The official's comments about the dire conditions in the camp were confirmed by Damon.

The star of the Bourne thrillers is a founder, with other celebrities such as Brad Pitt and George Clooney, of human rights organisation Not On Our Watch.

He told the BBC's Newshour programme: "They arrive to live in these conditions that are really sub-human, they're not permitted to put up any permanent structures.

"So they're basically sleeping out under the open sky and, again, still choose not to go back to Zimbabwe."

But MSF said the asylum-seekers should have been offered humanitarian and medical support.

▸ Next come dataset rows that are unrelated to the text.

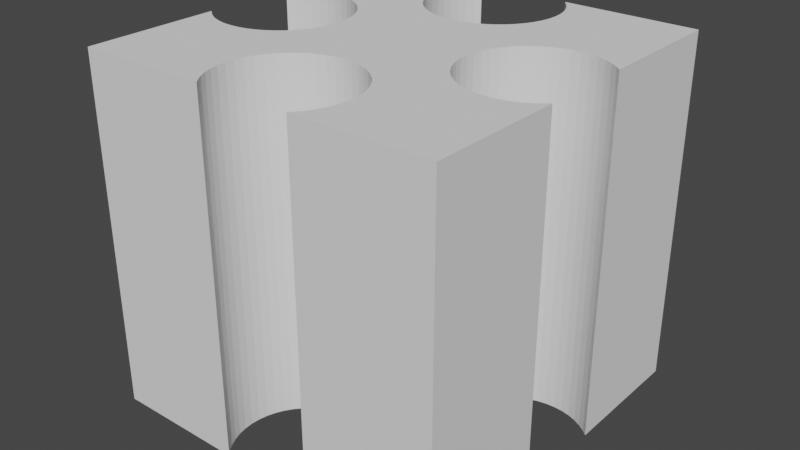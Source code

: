 # Source: Blackbox.blend  (saved by Blender 3.2.14; exported with 4.5.12 LTS)
import bpy
from mathutils import Matrix  # noqa: F401  (used for matrix-valued properties, if any)

bpy.ops.wm.read_factory_settings(use_empty=True)
scene = bpy.context.scene
scene.name = 'Scene'

# ---- collections
col_collection = bpy.data.collections.new('Collection'); scene.collection.children.link(col_collection)

# ---- world
world_world = bpy.data.worlds.new('World'); scene.world = world_world
world_world.use_nodes = True; world_world.node_tree.nodes.clear()
_N = world_world.node_tree.nodes; _L = world_world.node_tree.links
n0 = _N.new('ShaderNodeOutputWorld'); n0.name = 'World Output'; n0.location = (300, 300)
n1 = _N.new('ShaderNodeBackground'); n1.name = 'Background'; n1.location = (10, 300)
n1.inputs[0].default_value = (0.05088, 0.05088, 0.05088, 1.0)
_L.new(n1.outputs[0], n0.inputs[0])
n0.is_active_output = True
world_world.color = (0.05088, 0.05088, 0.05088)
world_world.use_sun_shadow = False
world_world.sun_shadow_jitter_overblur = 0.0

# ---- meshes
me_rectangle_001 = bpy.data.meshes.new('Rectangle.001')
me_rectangle_001.from_pydata([(-1.0, 1.0, 0.0), (1.0, 1.0, 0.0), (1.0, -1.0, 0.0), (-1.0, -1.0, 0.0), (-1.0, 0.2613, 0.0), (-1.0, -0.2613, 0.0), (-0.3885, -0.04926, 0.0), (-0.3982, -0.09652, 0.0), (-0.4138, -0.1413, 0.0), (-0.4348, -0.1833, 0.0), (-0.4609, -0.2219, 0.0), (-0.4916, -0.2568, 0.0), (-0.5265, -0.2875, 0.0), (-0.5651, -0.3135, 0.0), (-0.607, -0.3346, 0.0), (-0.6518, -0.3502, 0.0), (-0.6991, -0.3598, 0.0), (-0.7484, -0.3631, 0.0), (-0.7976, -0.3598, 0.0), (-0.8449, -0.3502, 0.0), (-0.8897, -0.3346, 0.0), (-0.9316, -0.3135, 0.0), (-0.9702, -0.2875, 0.0), (-0.9702, 0.2875, 0.0), (-0.9316, 0.3135, 0.0), (-0.8897, 0.3346, 0.0), (-0.8449, 0.3502, 0.0), (-0.7976, 0.3598, 0.0), (-0.7484, 0.3631, 0.0), (-0.6991, 0.3598, 0.0), (-0.6518, 0.3502, 0.0), (-0.607, 0.3346, 0.0), (-0.5651, 0.3135, 0.0), (-0.5265, 0.2875, 0.0), (-0.4916, 0.2568, 0.0), (-0.4609, 0.2219, 0.0), (-0.4348, 0.1833, 0.0), (-0.4138, 0.1413, 0.0), (-0.3982, 0.09652, 0.0), (-0.3885, 0.04926, 0.0), (-0.3852, 2.98e-08, 0.0), (1.0, 0.2613, 0.0), (1.0, -0.2613, 0.0), (0.9702, -0.2875, 0.0), (0.9316, -0.3135, 0.0), (0.8897, -0.3346, 0.0), (0.8449, -0.3502, 0.0), (0.7976, -0.3598, 0.0), (0.7484, -0.3631, 0.0), (0.6991, -0.3598, 0.0), (0.6518, -0.3502, 0.0), (0.607, -0.3346, 0.0), (0.5651, -0.3135, 0.0), (0.5265, -0.2875, 0.0), (0.4916, -0.2568, 0.0), (0.4609, -0.2219, 0.0), (0.4348, -0.1833, 0.0), (0.4138, -0.1413, 0.0), (0.3982, -0.09652, 0.0), (0.3885, -0.04926, 0.0), (0.3852, 0.0, 0.0), (0.3885, 0.04926, 0.0), (0.3982, 0.09652, 0.0), (0.4138, 0.1413, 0.0), (0.4348, 0.1833, 0.0), (0.4609, 0.2219, 0.0), (0.4916, 0.2568, 0.0), (0.5265, 0.2875, 0.0), (0.5651, 0.3135, 0.0), (0.607, 0.3346, 0.0), (0.6518, 0.3502, 0.0), (0.6991, 0.3598, 0.0), (0.7484, 0.3631, 0.0), (0.7976, 0.3598, 0.0), (0.8449, 0.3502, 0.0), (0.8897, 0.3346, 0.0), (0.9316, 0.3135, 0.0), (0.9702, 0.2875, 0.0), (-0.2613, 1.0, 0.0), (0.2613, 1.0, 0.0), (0.3598, 0.6991, 0.0), (0.3502, 0.6518, 0.0), (0.3346, 0.607, 0.0), (0.3135, 0.5651, 0.0), (0.2875, 0.5265, 0.0), (0.2568, 0.4916, 0.0), (0.2219, 0.4609, 0.0), (0.1833, 0.4348, 0.0), (0.1413, 0.4138, 0.0), (0.09652, 0.3982, 0.0), (0.04926, 0.3885, 0.0), (-3.874e-07, 0.3852, 0.0), (-0.04926, 0.3885, 0.0), (-0.09652, 0.3982, 0.0), (-0.1413, 0.4138, 0.0), (-0.1833, 0.4348, 0.0), (-0.2219, 0.4609, 0.0), (-0.2568, 0.4916, 0.0), (-0.2875, 0.5265, 0.0), (-0.3135, 0.5651, 0.0), (-0.3346, 0.607, 0.0), (-0.3502, 0.6518, 0.0), (-0.3598, 0.6991, 0.0), (-0.3631, 0.7484, 0.0), (-0.3598, 0.7976, 0.0), (-0.3502, 0.8449, 0.0), (-0.3346, 0.8897, 0.0), (-0.3135, 0.9316, 0.0), (-0.2875, 0.9702, 0.0), (0.2875, 0.9702, 0.0), (0.3135, 0.9316, 0.0), (0.3346, 0.8897, 0.0), (0.3502, 0.8449, 0.0), (0.3598, 0.7976, 0.0), (0.3631, 0.7484, 0.0), (0.2613, -1.0, 0.0), (-0.2613, -1.0, 0.0), (0.3598, -0.7976, 0.0), (0.3502, -0.8449, 0.0), (0.3346, -0.8897, 0.0), (0.3135, -0.9316, 0.0), (0.2875, -0.9702, 0.0), (-0.2875, -0.9702, 0.0), (-0.3135, -0.9316, 0.0), (-0.3346, -0.8897, 0.0), (-0.3502, -0.8449, 0.0), (-0.3598, -0.7976, 0.0), (-0.3631, -0.7484, 0.0), (-0.3598, -0.6991, 0.0), (-0.3502, -0.6518, 0.0), (-0.3346, -0.607, 0.0), (-0.3135, -0.5651, 0.0), (-0.2875, -0.5265, 0.0), (-0.2568, -0.4916, 0.0), (-0.2219, -0.4609, 0.0), (-0.1833, -0.4348, 0.0), (-0.1413, -0.4138, 0.0), (-0.09652, -0.3982, 0.0), (-0.04926, -0.3885, 0.0), (3.874e-07, -0.3852, 0.0), (0.04926, -0.3885, 0.0), (0.09652, -0.3982, 0.0), (0.1413, -0.4138, 0.0), (0.1833, -0.4348, 0.0), (0.2219, -0.4609, 0.0), (0.2568, -0.4916, 0.0), (0.2875, -0.5265, 0.0), (0.3135, -0.5651, 0.0), (0.3346, -0.607, 0.0), (0.3502, -0.6518, 0.0), (0.3598, -0.6991, 0.0), (0.3631, -0.7484, 0.0), (-1.0, -0.2613, 77.53), (-1.0, -1.0, 77.53), (1.0, 1.0, 77.53), (0.2613, 1.0, 77.53), (-0.2613, -1.0, 77.53), (1.0, -0.2613, 77.53), (1.0, -1.0, 77.53), (-1.0, 1.0, 77.53), (-1.0, 0.2613, 77.53), (-0.3885, -0.04926, 77.53), (-0.3982, -0.09652, 77.53), (-0.4138, -0.1413, 77.53), (-0.4348, -0.1833, 77.53), (-0.4609, -0.2219, 77.53), (-0.4916, -0.2568, 77.53), (-0.5265, -0.2875, 77.53), (-0.5651, -0.3135, 77.53), (-0.607, -0.3346, 77.53), (-0.6518, -0.3502, 77.53), (-0.6991, -0.3598, 77.53), (-0.7484, -0.3631, 77.53), (-0.7976, -0.3598, 77.53), (-0.8449, -0.3502, 77.53), (-0.8897, -0.3346, 77.53), (-0.9316, -0.3135, 77.53), (-0.9702, -0.2875, 77.53), (-0.9702, 0.2875, 77.53), (-0.9316, 0.3135, 77.53), (-0.8897, 0.3346, 77.53), (-0.8449, 0.3502, 77.53), (-0.7976, 0.3598, 77.53), (-0.7484, 0.3631, 77.53), (-0.6991, 0.3598, 77.53), (-0.6518, 0.3502, 77.53), (-0.607, 0.3346, 77.53), (-0.5651, 0.3135, 77.53), (-0.5265, 0.2875, 77.53), (-0.4916, 0.2568, 77.53), (-0.4609, 0.2219, 77.53), (-0.4348, 0.1833, 77.53), (-0.4138, 0.1413, 77.53), (-0.3982, 0.09652, 77.53), (-0.3885, 0.04926, 77.53), (-0.3852, 2.98e-08, 77.53), (1.0, 0.2613, 77.53), (0.9702, -0.2875, 77.53), (0.9316, -0.3135, 77.53), (0.8897, -0.3346, 77.53), (0.8449, -0.3502, 77.53), (0.7976, -0.3598, 77.53), (0.7484, -0.3631, 77.53), (0.6991, -0.3598, 77.53), (0.6518, -0.3502, 77.53), (0.607, -0.3346, 77.53), (0.5651, -0.3135, 77.53), (0.5265, -0.2875, 77.53), (0.4916, -0.2568, 77.53), (0.4609, -0.2219, 77.53), (0.4348, -0.1833, 77.53), (0.4138, -0.1413, 77.53), (0.3982, -0.09652, 77.53), (0.3885, -0.04926, 77.53), (0.3852, 0.0, 77.53), (0.3885, 0.04926, 77.53), (0.3982, 0.09652, 77.53), (0.4138, 0.1413, 77.53), (0.4348, 0.1833, 77.53), (0.4609, 0.2219, 77.53), (0.4916, 0.2568, 77.53), (0.5265, 0.2875, 77.53), (0.5651, 0.3135, 77.53), (0.607, 0.3346, 77.53), (0.6518, 0.3502, 77.53), (0.6991, 0.3598, 77.53), (0.7484, 0.3631, 77.53), (0.7976, 0.3598, 77.53), (0.8449, 0.3502, 77.53), (0.8897, 0.3346, 77.53), (0.9316, 0.3135, 77.53), (0.9702, 0.2875, 77.53), (-0.2613, 1.0, 77.53), (0.3598, 0.6991, 77.53), (0.3502, 0.6518, 77.53), (0.3346, 0.607, 77.53), (0.3135, 0.5651, 77.53), (0.2875, 0.5265, 77.53), (0.2568, 0.4916, 77.53), (0.2219, 0.4609, 77.53), (0.1833, 0.4348, 77.53), (0.1413, 0.4138, 77.53), (0.09652, 0.3982, 77.53), (0.04926, 0.3885, 77.53), (-3.874e-07, 0.3852, 77.53), (-0.04926, 0.3885, 77.53), (-0.09652, 0.3982, 77.53), (-0.1413, 0.4138, 77.53), (-0.1833, 0.4348, 77.53), (-0.2219, 0.4609, 77.53), (-0.2568, 0.4916, 77.53), (-0.2875, 0.5265, 77.53), (-0.3135, 0.5651, 77.53), (-0.3346, 0.607, 77.53), (-0.3502, 0.6518, 77.53), (-0.3598, 0.6991, 77.53), (-0.3631, 0.7484, 77.53), (-0.3598, 0.7976, 77.53), (-0.3502, 0.8449, 77.53), (-0.3346, 0.8897, 77.53), (-0.3135, 0.9316, 77.53), (-0.2875, 0.9702, 77.53), (0.2875, 0.9702, 77.53), (0.3135, 0.9316, 77.53), (0.3346, 0.8897, 77.53), (0.3502, 0.8449, 77.53), (0.3598, 0.7976, 77.53), (0.3631, 0.7484, 77.53), (0.2613, -1.0, 77.53), (0.3598, -0.7976, 77.53), (0.3502, -0.8449, 77.53), (0.3346, -0.8897, 77.53), (0.3135, -0.9316, 77.53), (0.2875, -0.9702, 77.53), (-0.2875, -0.9702, 77.53), (-0.3135, -0.9316, 77.53), (-0.3346, -0.8897, 77.53), (-0.3502, -0.8449, 77.53), (-0.3598, -0.7976, 77.53), (-0.3631, -0.7484, 77.53), (-0.3598, -0.6991, 77.53), (-0.3502, -0.6518, 77.53), (-0.3346, -0.607, 77.53), (-0.3135, -0.5651, 77.53), (-0.2875, -0.5265, 77.53), (-0.2568, -0.4916, 77.53), (-0.2219, -0.4609, 77.53), (-0.1833, -0.4348, 77.53), (-0.1413, -0.4138, 77.53), (-0.09652, -0.3982, 77.53), (-0.04926, -0.3885, 77.53), (3.874e-07, -0.3852, 77.53), (0.04926, -0.3885, 77.53), (0.09652, -0.3982, 77.53), (0.1413, -0.4138, 77.53), (0.1833, -0.4348, 77.53), (0.2219, -0.4609, 77.53), (0.2568, -0.4916, 77.53), (0.2875, -0.5265, 77.53), (0.3135, -0.5651, 77.53), (0.3346, -0.607, 77.53), (0.3502, -0.6518, 77.53), (0.3598, -0.6991, 77.53), (0.3631, -0.7484, 77.53)], [], [(3, 5, 22, 21, 20, 19, 18, 17, 16, 15, 14, 13, 12, 11, 10, 9, 8, 7, 6, 40, 39, 38, 37, 36, 35, 34, 33, 32, 31, 30, 29, 28, 27, 26, 25, 24, 23, 4, 0, 78, 108, 107, 106, 105, 104, 103, 102, 101, 100, 99, 98, 97, 96, 95, 94, 93, 92, 91, 90, 89, 88, 87, 86, 85, 84, 83, 82, 81, 80, 114, 113, 112, 111, 110, 109, 79, 1), (3, 1, 41, 77, 76, 75, 74, 73, 72, 71, 70, 69, 68, 67, 66, 65, 64, 63, 62, 61, 60, 59, 58, 57, 56, 55, 54, 53, 52, 51, 50, 49, 48, 47, 46, 45, 44, 43, 42, 2, 115, 121, 120, 119, 118, 117, 151, 150, 149, 148, 147, 146, 145, 144, 143, 142, 141, 140, 139, 138, 137, 136, 135, 134, 133, 132, 131, 130, 129, 128, 127, 126, 125, 124, 123, 122, 116), (153, 154, 155, 262, 263, 264, 265, 266, 267, 233, 234, 235, 236, 237, 238, 239, 240, 241, 242, 243, 244, 245, 246, 247, 248, 249, 250, 251, 252, 253, 254, 255, 256, 257, 258, 259, 260, 261, 232, 159, 160, 178, 179, 180, 181, 182, 183, 184, 185, 186, 187, 188, 189, 190, 191, 192, 193, 194, 195, 161, 162, 163, 164, 165, 166, 167, 168, 169, 170, 171, 172, 173, 174, 175, 176, 177, 152), (153, 156, 274, 275, 276, 277, 278, 279, 280, 281, 282, 283, 284, 285, 286, 287, 288, 289, 290, 291, 292, 293, 294, 295, 296, 297, 298, 299, 300, 301, 302, 303, 269, 270, 271, 272, 273, 268, 158, 157, 197, 198, 199, 200, 201, 202, 203, 204, 205, 206, 207, 208, 209, 210, 211, 212, 213, 214, 215, 216, 217, 218, 219, 220, 221, 222, 223, 224, 225, 226, 227, 228, 229, 230, 231, 196, 154), (33, 34, 189, 188), (136, 137, 289, 288), (86, 87, 240, 239), (34, 35, 190, 189), (137, 138, 290, 289), (87, 88, 241, 240), (35, 36, 191, 190), (138, 139, 291, 290), (88, 89, 242, 241), (36, 37, 192, 191), (139, 140, 292, 291), (89, 90, 243, 242), (37, 38, 193, 192), (140, 141, 293, 292), (90, 91, 244, 243), (38, 39, 194, 193), (141, 142, 294, 293), (91, 92, 245, 244), (39, 40, 195, 194), (142, 143, 295, 294), (92, 93, 246, 245), (40, 6, 161, 195), (143, 144, 296, 295), (93, 94, 247, 246), (41, 1, 154, 196), (144, 145, 297, 296), (94, 95, 248, 247), (42, 43, 197, 157), (145, 146, 298, 297), (95, 96, 249, 248), (43, 44, 198, 197), (146, 147, 299, 298), (96, 97, 250, 249), (44, 45, 199, 198), (147, 148, 300, 299), (97, 98, 251, 250), (45, 46, 200, 199), (148, 149, 301, 300), (98, 99, 252, 251), (46, 47, 201, 200), (149, 150, 302, 301), (99, 100, 253, 252), (47, 48, 202, 201), (150, 151, 303, 302), (100, 101, 254, 253), (48, 49, 203, 202), (151, 117, 269, 303), (101, 102, 255, 254), (49, 50, 204, 203), (102, 103, 256, 255), (50, 51, 205, 204), (5, 3, 153, 152), (103, 104, 257, 256), (51, 52, 206, 205), (104, 105, 258, 257), (52, 53, 207, 206), (1, 79, 155, 154), (105, 106, 259, 258), (53, 54, 208, 207), (3, 116, 156, 153), (106, 107, 260, 259), (54, 55, 209, 208), (2, 42, 157, 158), (107, 108, 261, 260), (55, 56, 210, 209), (0, 4, 160, 159), (108, 78, 232, 261), (56, 57, 211, 210), (6, 7, 162, 161), (79, 109, 262, 155), (57, 58, 212, 211), (7, 8, 163, 162), (109, 110, 263, 262), (58, 59, 213, 212), (8, 9, 164, 163), (110, 111, 264, 263), (59, 60, 214, 213), (9, 10, 165, 164), (111, 112, 265, 264), (60, 61, 215, 214), (10, 11, 166, 165), (112, 113, 266, 265), (61, 62, 216, 215), (11, 12, 167, 166), (113, 114, 267, 266), (62, 63, 217, 216), (12, 13, 168, 167), (114, 80, 233, 267), (63, 64, 218, 217), (13, 14, 169, 168), (115, 2, 158, 268), (64, 65, 219, 218), (14, 15, 170, 169), (117, 118, 270, 269), (65, 66, 220, 219), (15, 16, 171, 170), (118, 119, 271, 270), (66, 67, 221, 220), (16, 17, 172, 171), (119, 120, 272, 271), (67, 68, 222, 221), (17, 18, 173, 172), (120, 121, 273, 272), (68, 69, 223, 222), (18, 19, 174, 173), (121, 115, 268, 273), (69, 70, 224, 223), (19, 20, 175, 174), (116, 122, 274, 156), (70, 71, 225, 224), (20, 21, 176, 175), (122, 123, 275, 274), (71, 72, 226, 225), (21, 22, 177, 176), (123, 124, 276, 275), (72, 73, 227, 226), (22, 5, 152, 177), (124, 125, 277, 276), (73, 74, 228, 227), (4, 23, 178, 160), (125, 126, 278, 277), (74, 75, 229, 228), (23, 24, 179, 178), (126, 127, 279, 278), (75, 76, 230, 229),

MSF's Rachel Cohen told the BBC's Network Africa programme: "Out of nowhere and with no explanation whatsoever the department of home affairs basically is forcing a closure of the only place in Musina where Zimbabweans are safe from arrest and deportation.

"Pregnant women, women with children and unaccompanied minors were removed from the location last night and as far as we know have nowhere to go."

Zimbabwe is in the grips of a cholera epidemic which has killed nearly 4,000 people and infected almost 87,000, as health services disintegrate amid the country's economic collapse.